Task to complete> Every line below between the line holding "Bus Selector : BusSelector" and the line holding "alike) : DataTypeConversion", inclusive, should be repeated exactly, and all other lines omitted.

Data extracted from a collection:

══════

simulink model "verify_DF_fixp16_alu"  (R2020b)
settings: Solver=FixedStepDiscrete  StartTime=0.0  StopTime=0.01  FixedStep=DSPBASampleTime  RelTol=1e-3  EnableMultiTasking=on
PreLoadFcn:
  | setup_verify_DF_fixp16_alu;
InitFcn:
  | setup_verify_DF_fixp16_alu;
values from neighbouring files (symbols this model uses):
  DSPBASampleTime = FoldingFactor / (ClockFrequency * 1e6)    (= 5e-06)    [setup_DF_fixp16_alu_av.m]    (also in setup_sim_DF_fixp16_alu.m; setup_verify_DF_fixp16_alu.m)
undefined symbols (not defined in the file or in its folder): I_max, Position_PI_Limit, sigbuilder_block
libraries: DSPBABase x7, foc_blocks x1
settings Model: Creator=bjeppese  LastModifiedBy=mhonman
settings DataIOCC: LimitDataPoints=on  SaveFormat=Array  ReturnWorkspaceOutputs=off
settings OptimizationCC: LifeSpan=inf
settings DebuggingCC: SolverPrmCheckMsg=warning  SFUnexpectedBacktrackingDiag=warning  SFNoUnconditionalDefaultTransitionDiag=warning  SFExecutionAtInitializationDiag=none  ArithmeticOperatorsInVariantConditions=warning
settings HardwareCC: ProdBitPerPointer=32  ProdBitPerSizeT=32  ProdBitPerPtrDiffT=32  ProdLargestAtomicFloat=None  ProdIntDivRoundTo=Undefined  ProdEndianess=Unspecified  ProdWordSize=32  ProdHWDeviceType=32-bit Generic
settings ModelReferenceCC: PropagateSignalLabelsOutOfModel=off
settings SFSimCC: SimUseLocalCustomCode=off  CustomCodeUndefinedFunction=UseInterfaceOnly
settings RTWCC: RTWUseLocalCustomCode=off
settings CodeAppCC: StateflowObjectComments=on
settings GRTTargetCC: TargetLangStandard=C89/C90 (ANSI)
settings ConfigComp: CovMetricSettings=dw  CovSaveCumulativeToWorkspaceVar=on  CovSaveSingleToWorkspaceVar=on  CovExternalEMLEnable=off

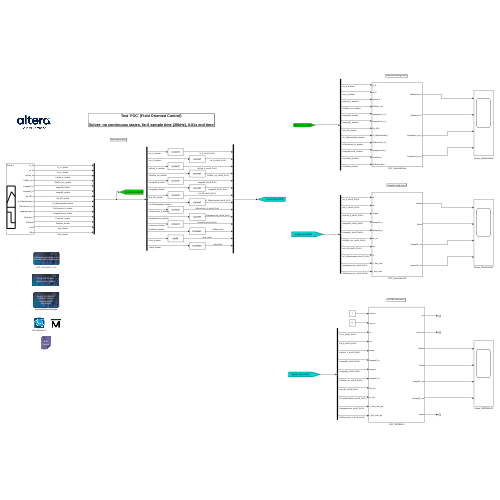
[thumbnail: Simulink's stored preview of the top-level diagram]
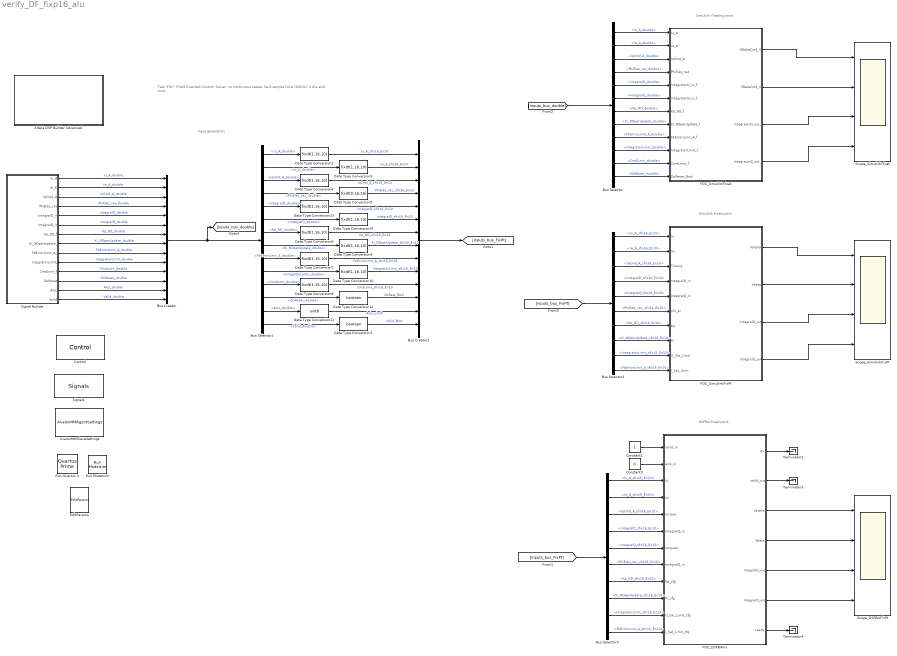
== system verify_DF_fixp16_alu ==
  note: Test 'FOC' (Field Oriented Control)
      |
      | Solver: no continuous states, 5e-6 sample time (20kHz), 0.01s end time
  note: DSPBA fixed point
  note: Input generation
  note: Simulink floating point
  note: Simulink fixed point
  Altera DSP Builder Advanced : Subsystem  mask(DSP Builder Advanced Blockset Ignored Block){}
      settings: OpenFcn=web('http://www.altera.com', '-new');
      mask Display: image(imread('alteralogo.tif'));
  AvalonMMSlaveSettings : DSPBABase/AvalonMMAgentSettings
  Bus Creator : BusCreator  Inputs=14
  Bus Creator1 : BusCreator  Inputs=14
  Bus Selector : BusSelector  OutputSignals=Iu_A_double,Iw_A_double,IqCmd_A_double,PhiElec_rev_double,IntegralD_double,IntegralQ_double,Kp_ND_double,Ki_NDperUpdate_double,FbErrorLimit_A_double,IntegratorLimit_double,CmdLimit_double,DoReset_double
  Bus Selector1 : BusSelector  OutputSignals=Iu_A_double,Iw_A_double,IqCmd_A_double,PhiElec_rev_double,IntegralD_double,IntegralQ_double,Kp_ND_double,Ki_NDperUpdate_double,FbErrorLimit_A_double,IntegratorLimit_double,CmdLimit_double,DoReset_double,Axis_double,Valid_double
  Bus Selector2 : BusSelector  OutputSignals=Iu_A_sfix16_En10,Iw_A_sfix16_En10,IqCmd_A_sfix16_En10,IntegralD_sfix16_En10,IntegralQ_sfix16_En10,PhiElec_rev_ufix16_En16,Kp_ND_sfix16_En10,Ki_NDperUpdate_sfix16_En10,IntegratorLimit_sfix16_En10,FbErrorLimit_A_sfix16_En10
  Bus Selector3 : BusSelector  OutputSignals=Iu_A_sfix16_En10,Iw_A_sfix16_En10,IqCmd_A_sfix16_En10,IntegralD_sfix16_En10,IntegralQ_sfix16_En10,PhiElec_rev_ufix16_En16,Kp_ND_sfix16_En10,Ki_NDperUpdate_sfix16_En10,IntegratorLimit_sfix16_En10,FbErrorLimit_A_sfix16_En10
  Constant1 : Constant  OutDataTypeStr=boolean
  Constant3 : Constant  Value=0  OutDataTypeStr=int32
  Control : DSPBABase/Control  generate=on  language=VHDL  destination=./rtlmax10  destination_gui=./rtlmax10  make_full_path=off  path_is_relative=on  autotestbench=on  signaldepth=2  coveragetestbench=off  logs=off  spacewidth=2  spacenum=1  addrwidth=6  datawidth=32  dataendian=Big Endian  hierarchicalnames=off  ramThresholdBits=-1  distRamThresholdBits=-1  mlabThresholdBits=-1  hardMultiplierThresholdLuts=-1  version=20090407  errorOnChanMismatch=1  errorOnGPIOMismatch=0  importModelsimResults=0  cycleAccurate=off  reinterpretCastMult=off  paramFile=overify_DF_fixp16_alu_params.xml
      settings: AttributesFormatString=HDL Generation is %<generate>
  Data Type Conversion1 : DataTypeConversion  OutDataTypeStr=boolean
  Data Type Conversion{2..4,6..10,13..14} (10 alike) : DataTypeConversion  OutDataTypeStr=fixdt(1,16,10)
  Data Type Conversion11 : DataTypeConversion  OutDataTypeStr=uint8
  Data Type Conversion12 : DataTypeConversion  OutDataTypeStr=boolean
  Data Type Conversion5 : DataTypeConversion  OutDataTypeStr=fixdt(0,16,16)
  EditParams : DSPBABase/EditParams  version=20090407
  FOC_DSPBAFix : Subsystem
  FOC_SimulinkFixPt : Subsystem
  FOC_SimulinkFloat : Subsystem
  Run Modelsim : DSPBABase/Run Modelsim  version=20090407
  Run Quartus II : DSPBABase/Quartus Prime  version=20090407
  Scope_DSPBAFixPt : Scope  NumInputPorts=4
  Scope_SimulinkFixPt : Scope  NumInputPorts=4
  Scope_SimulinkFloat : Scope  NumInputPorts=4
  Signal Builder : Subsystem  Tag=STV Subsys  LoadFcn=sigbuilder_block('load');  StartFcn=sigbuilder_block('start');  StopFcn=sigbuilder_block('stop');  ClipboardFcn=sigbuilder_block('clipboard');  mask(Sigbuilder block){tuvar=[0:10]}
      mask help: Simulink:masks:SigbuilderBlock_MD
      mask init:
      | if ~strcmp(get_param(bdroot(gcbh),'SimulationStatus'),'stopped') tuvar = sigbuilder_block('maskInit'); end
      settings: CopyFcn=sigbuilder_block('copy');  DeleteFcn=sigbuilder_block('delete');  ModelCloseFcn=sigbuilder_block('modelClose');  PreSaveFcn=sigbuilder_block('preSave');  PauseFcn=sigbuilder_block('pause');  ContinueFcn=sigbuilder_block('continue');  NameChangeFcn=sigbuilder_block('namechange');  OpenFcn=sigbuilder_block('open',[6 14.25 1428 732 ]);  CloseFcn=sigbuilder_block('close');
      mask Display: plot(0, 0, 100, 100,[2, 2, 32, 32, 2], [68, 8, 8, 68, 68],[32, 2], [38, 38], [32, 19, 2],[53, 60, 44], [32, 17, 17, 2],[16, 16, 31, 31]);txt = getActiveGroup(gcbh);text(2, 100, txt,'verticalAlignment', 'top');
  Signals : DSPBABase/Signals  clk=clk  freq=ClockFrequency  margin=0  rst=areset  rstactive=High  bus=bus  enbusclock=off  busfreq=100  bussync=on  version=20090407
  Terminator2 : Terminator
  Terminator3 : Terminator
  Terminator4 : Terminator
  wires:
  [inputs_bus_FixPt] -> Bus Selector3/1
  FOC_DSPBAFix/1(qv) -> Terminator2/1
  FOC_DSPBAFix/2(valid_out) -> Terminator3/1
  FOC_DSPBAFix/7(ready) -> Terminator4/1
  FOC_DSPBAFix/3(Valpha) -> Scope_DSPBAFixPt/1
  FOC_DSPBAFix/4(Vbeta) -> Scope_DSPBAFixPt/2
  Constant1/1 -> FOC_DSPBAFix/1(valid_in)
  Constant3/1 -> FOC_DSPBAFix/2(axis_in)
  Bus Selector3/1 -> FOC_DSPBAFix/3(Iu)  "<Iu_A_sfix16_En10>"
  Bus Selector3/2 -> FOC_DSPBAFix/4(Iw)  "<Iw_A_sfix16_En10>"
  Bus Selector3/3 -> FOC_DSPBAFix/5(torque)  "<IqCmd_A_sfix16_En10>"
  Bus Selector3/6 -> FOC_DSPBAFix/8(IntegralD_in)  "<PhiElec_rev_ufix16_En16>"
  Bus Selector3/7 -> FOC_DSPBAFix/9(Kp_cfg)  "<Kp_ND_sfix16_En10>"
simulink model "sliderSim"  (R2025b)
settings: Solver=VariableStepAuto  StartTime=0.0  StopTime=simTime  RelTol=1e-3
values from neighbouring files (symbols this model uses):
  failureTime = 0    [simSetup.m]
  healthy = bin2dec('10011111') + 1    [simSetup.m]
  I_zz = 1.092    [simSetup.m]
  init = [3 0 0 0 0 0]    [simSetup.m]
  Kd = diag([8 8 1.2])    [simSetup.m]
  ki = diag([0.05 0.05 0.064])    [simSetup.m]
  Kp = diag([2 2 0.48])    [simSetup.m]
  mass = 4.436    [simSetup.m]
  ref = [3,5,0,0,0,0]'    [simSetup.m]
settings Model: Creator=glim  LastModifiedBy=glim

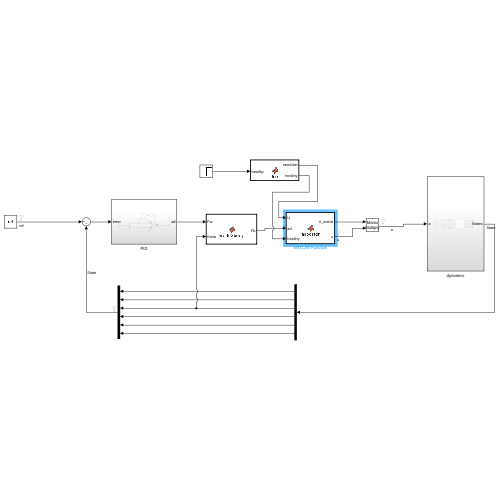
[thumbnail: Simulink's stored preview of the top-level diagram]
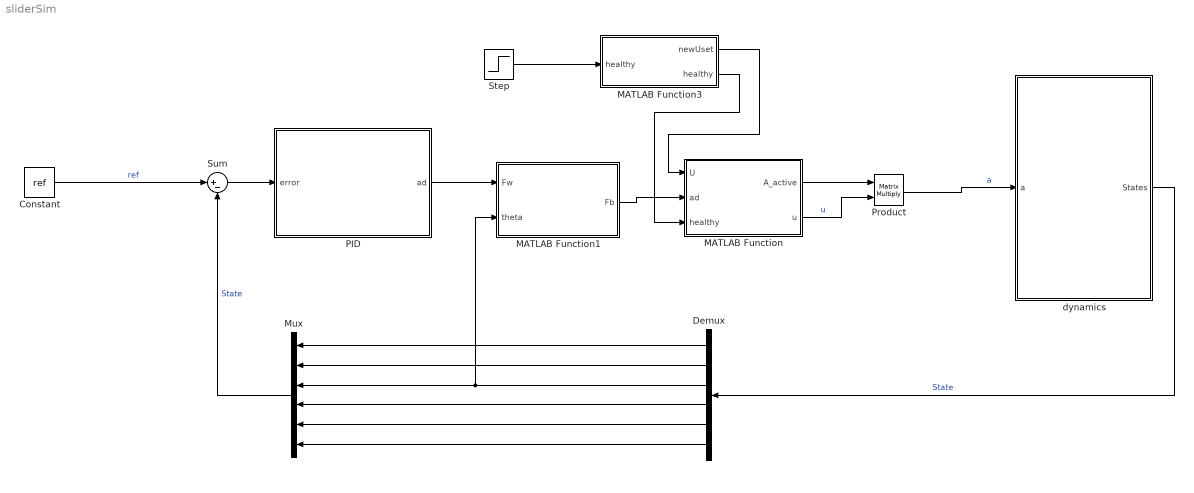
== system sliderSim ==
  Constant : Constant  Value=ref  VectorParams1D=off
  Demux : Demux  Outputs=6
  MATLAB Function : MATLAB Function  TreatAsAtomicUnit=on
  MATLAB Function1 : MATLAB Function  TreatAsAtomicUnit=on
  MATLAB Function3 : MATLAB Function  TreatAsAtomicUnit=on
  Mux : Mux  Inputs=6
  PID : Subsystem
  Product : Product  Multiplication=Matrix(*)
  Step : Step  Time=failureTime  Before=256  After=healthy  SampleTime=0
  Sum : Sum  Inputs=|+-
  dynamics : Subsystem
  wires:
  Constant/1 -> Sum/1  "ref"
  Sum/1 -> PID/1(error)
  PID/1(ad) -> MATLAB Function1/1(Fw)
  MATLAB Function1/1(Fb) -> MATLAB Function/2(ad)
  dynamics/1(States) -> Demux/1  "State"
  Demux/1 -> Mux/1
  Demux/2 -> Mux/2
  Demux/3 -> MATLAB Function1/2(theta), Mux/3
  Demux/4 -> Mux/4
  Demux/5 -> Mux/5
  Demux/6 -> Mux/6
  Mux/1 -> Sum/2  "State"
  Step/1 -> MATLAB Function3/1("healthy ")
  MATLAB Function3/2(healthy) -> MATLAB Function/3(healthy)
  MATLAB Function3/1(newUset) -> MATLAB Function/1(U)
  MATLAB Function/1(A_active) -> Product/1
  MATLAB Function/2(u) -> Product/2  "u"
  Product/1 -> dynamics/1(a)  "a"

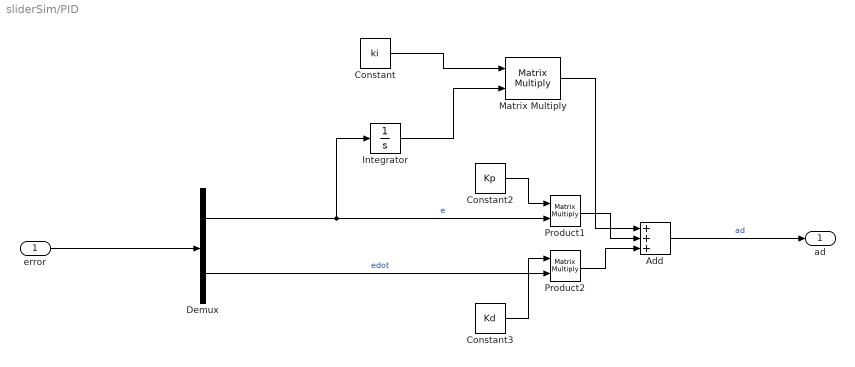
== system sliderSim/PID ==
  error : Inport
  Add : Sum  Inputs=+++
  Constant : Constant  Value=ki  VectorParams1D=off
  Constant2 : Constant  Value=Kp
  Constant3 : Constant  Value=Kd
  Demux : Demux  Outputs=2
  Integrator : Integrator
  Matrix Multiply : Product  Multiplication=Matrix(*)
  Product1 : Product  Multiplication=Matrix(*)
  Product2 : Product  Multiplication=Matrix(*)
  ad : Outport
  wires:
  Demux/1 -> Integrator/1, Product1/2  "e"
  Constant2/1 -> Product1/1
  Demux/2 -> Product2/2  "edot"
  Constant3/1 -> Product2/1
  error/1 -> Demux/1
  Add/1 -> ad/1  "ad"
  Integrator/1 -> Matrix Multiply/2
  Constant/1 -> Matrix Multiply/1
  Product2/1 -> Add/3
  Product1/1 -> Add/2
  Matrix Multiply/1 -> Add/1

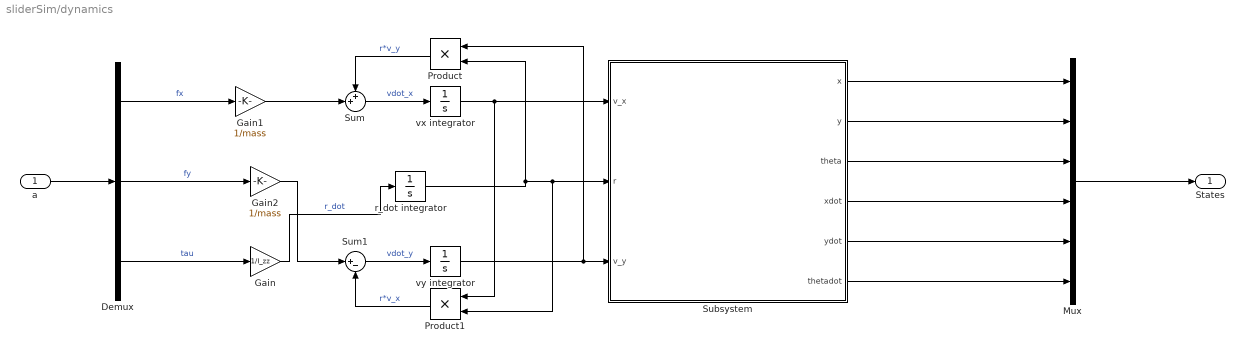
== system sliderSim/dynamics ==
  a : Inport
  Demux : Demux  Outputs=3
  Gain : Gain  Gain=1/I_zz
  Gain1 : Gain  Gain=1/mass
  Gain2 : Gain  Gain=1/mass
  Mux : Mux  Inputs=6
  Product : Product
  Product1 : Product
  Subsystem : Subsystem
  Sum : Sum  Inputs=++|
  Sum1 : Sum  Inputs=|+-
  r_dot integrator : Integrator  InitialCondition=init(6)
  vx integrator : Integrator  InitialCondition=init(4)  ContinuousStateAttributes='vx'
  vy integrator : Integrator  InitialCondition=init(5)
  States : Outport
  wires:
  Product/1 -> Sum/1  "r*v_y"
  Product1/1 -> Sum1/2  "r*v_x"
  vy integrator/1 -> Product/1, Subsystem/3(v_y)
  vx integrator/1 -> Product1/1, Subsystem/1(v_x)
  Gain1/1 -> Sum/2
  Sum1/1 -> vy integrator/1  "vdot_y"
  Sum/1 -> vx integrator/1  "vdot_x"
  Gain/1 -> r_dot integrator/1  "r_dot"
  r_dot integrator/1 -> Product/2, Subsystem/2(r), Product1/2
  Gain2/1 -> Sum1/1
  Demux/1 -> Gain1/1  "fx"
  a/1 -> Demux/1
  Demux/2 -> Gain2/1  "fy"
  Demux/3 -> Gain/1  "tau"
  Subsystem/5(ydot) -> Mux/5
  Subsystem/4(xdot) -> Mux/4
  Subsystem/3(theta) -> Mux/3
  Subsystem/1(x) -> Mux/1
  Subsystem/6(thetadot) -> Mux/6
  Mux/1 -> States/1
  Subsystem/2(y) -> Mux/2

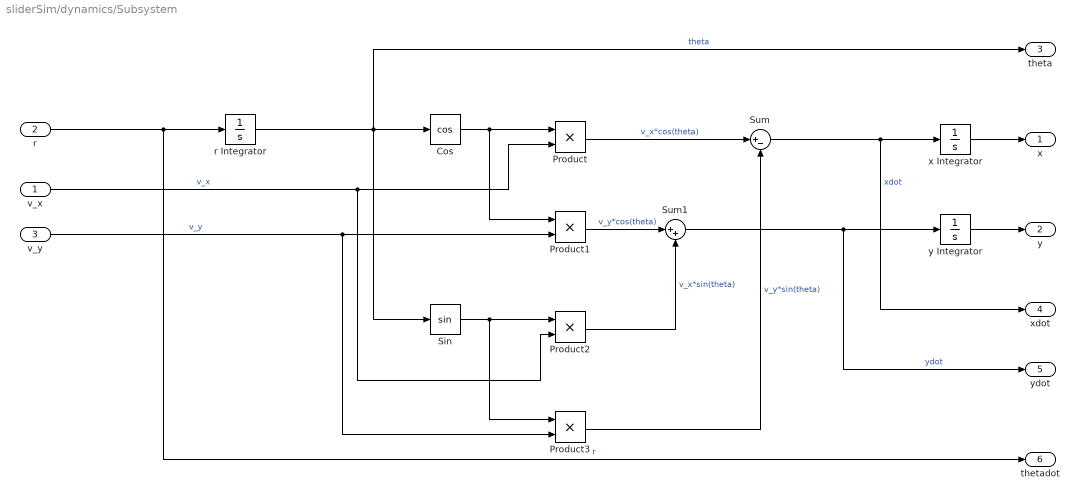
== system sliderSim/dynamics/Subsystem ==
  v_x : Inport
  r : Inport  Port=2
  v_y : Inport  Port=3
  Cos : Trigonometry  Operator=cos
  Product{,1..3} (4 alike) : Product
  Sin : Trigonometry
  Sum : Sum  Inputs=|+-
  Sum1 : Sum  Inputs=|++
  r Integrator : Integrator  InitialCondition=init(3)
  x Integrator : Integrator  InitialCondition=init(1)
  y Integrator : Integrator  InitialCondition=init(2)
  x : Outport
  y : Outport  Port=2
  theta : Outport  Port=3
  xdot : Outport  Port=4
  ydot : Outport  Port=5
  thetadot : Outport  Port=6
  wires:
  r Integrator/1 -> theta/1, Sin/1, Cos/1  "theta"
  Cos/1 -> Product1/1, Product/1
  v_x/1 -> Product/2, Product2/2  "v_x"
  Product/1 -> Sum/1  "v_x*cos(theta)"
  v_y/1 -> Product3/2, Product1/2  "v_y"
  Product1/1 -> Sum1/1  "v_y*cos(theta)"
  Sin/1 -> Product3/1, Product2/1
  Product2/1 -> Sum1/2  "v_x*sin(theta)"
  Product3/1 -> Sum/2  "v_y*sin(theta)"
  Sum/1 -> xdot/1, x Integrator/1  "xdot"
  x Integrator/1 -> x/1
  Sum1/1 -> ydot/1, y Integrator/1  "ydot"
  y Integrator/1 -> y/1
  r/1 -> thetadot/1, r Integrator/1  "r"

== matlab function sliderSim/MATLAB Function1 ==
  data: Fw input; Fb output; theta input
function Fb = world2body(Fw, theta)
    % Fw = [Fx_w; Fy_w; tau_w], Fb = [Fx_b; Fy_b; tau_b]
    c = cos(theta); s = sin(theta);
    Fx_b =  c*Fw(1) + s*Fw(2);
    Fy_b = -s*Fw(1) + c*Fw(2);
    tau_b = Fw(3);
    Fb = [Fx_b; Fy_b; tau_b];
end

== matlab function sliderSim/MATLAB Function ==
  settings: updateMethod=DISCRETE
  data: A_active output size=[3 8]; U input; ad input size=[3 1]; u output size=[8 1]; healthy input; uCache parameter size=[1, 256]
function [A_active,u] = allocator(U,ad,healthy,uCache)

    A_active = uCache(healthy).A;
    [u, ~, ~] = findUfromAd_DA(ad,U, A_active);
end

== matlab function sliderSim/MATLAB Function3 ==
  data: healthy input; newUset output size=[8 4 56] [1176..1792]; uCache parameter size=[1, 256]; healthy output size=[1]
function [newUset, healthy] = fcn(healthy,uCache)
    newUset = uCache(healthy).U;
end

══════

Response area>
  Bus Selector : BusSelector  OutputSignals=Iu_A_double,Iw_A_double,IqCmd_A_double,PhiElec_rev_double,IntegralD_double,IntegralQ_double,Kp_ND_double,Ki_NDperUpdate_double,FbErrorLimit_A_double,IntegratorLimit_double,CmdLimit_double,DoReset_double
  Bus Selector1 : BusSelector  OutputSignals=Iu_A_double,Iw_A_double,IqCmd_A_double,PhiElec_rev_double,IntegralD_double,IntegralQ_double,Kp_ND_double,Ki_NDperUpdate_double,FbErrorLimit_A_double,IntegratorLimit_double,CmdLimit_double,DoReset_double,Axis_double,Valid_double
  Bus Selector2 : BusSelector  OutputSignals=Iu_A_sfix16_En10,Iw_A_sfix16_En10,IqCmd_A_sfix16_En10,IntegralD_sfix16_En10,IntegralQ_sfix16_En10,PhiElec_rev_ufix16_En16,Kp_ND_sfix16_En10,Ki_NDperUpdate_sfix16_En10,IntegratorLimit_sfix16_En10,FbErrorLimit_A_sfix16_En10
  Bus Selector3 : BusSelector  OutputSignals=Iu_A_sfix16_En10,Iw_A_sfix16_En10,IqCmd_A_sfix16_En10,IntegralD_sfix16_En10,IntegralQ_sfix16_En10,PhiElec_rev_ufix16_En16,Kp_ND_sfix16_En10,Ki_NDperUpdate_sfix16_En10,IntegratorLimit_sfix16_En10,FbErrorLimit_A_sfix16_En10
  Constant1 : Constant  OutDataTypeStr=boolean
  Constant3 : Constant  Value=0  OutDataTypeStr=int32
  Control : DSPBABase/Control  generate=on  language=VHDL  destination=./rtlmax10  destination_gui=./rtlmax10  make_full_path=off  path_is_relative=on  autotestbench=on  signaldepth=2  coveragetestbench=off  logs=off  spacewidth=2  spacenum=1  addrwidth=6  datawidth=32  dataendian=Big Endian  hierarchicalnames=off  ramThresholdBits=-1  distRamThresholdBits=-1  mlabThresholdBits=-1  hardMultiplierThresholdLuts=-1  version=20090407  errorOnChanMismatch=1  errorOnGPIOMismatch=0  importModelsimResults=0  cycleAccurate=off  reinterpretCastMult=off  paramFile=overify_DF_fixp16_alu_params.xml
      settings: AttributesFormatString=HDL Generation is %<generate>
  Data Type Conversion1 : DataTypeConversion  OutDataTypeStr=boolean
  Data Type Conversion{2..4,6..10,13..14} (10 alike) : DataTypeConversion  OutDataTypeStr=fixdt(1,16,10)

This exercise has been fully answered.